PROBLEM DESCRIPTION:
In the data that follows, every line containing the word "ThreePointArc" should be returned.

Dataset items:
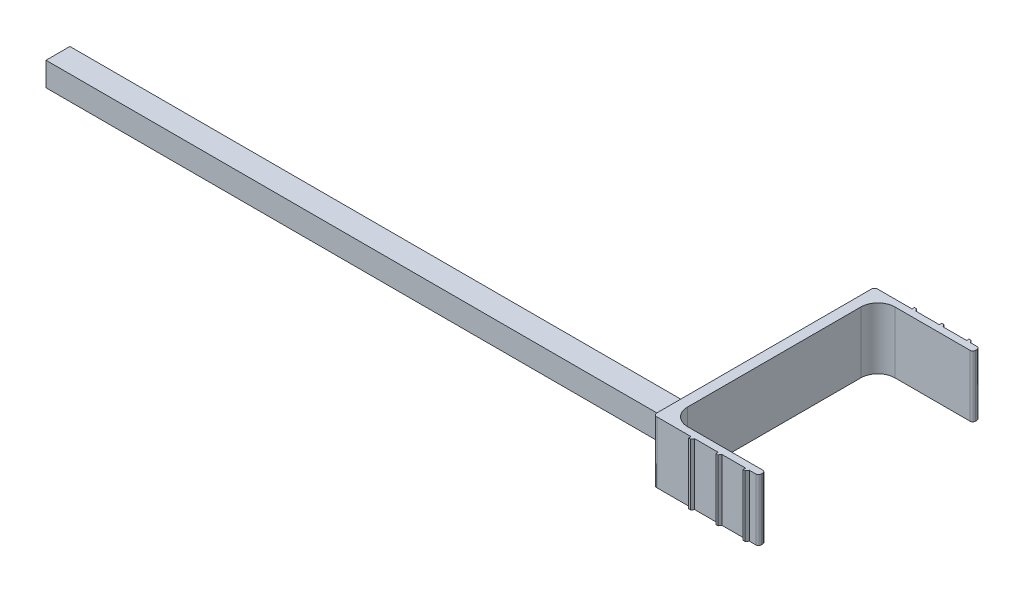
from build123d import *

# Parameters (mm, degrees)
BOSS_EXTRUDE1_DEPTH = 18
FILLET1_R           = 5
FILLET2_R           = 1
SKETCH1_3_W         = 190
SKETCH1_3_H         = 7
BOSS_EXTRUDE2_DEPTH = 7
FILLET3_R           = 10


with BuildPart() as part:
    # Sketch1 → Boss-Extrude1 (new body)
    with BuildSketch(Plane(origin=(0, 0, 0), x_dir=(1, 0, 0), z_dir=(0, 1, 0))):
        with BuildLine():
            Line((7.053352185, -20.387699458), (7.053352185, -32.387699458))
            Line((7.053352185, -32.387699458), (18.053352185, -32.387699458))
            Line((18.053352185, -32.387699458), (18.053352185, -33.087699458))
            Line((18.053352185, -33.087699458), (18.651371079, -33.087699458))
            Line((18.651371079, -33.087699458), (19.151371079, -32.387699458))
            Line((19.151371079, -32.387699458), (26.053352185, -32.387699458))
            Line((26.053352185, -32.387699458), (26.053352185, -33.087699458))
            Line((26.053352185, -33.087699458), (26.651371079, -33.087699458))
            Line((26.651371079, -33.087699458), (27.151371079, -32.387699458))
            Line((27.151371079, -32.387699458), (34.053352185, -32.387699458))
            Line((34.053352185, -32.387699458), (34.053352185, -33.087699458))
            Line((34.053352185, -33.087699458), (34.651371079, -33.087699458))
            Line((34.651371079, -33.087699458), (35.151371079, -32.387699458))
            Line((35.151371079, -32.387699458), (37.053352185, -32.387699458))
            ThreePointArc((37.053352185, -32.387699458), (37.61903761, -32.153384883), (37.853352185, -31.587699458))
            Line((37.853352185, -31.587699458), (37.853352185, -31.187699458))
            ThreePointArc((37.853352185, -31.187699458), (37.61903761, -30.622014033), (37.053352185, -30.387699458))
            Line((37.053352185, -30.387699458), (10.053352185, -30.387699458))
            Line((10.053352185, -30.387699458), (10.053352185, 0))
            Line((10.053352185, 0), (7.053352185, 0))
            Line((7.053352185, 0), (7.053352185, -13.387699458))
            Line((7.053352185, -13.387699458), (7.053352185, -20.387699458))
        make_face()
    extrude(amount=BOSS_EXTRUDE1_DEPTH)

    # Fillet1
    fillet1_edges = [part.edges().sort_by_distance(p)[0] for p in [
        (10.053352185, 9, 30.387699458),
    ]]
    fillet(fillet1_edges, radius=FILLET1_R)

    # Fillet2
    fillet2_edges = [part.edges().sort_by_distance(p)[0] for p in [
        (7.053352185, 9, 32.387699458),
    ]]
    fillet(fillet2_edges, radius=FILLET2_R)

    # Mirror1: part across plane


with BuildPart() as part_1:
    add(part.part)
    add(part.part.mirror(Plane(origin=(0, 18, 0), x_dir=(1, 0, 0), z_dir=(0, 0, -1))))

    # Sketch1<3> → Boss-Extrude2 (add)
    with BuildSketch(Plane(origin=(0, 0, 0), x_dir=(1, 0, 0), z_dir=(0, 1, 0))):
        with Locations((-87.946647815, -16.887699458)):
            Rectangle(SKETCH1_3_W, SKETCH1_3_H)
    extrude(amount=BOSS_EXTRUDE2_DEPTH)

    # Fillet3
    fillet3_edges = [part_1.edges().sort_by_distance(p)[0] for p in [
        (7.053352185, 3.5, 20.387699458),
        (7.053352185, 3.5, 13.387699458),
        (7.053352185, 7, 16.887699458),
    ]]
    fillet(fillet3_edges, radius=FILLET3_R)


solid = part_1.part

WRITTEN REPLY:
            ThreePointArc((37.053352185, -32.387699458), (37.61903761, -32.153384883), (37.853352185, -31.587699458))
            ThreePointArc((37.853352185, -31.187699458), (37.61903761, -30.622014033), (37.053352185, -30.387699458))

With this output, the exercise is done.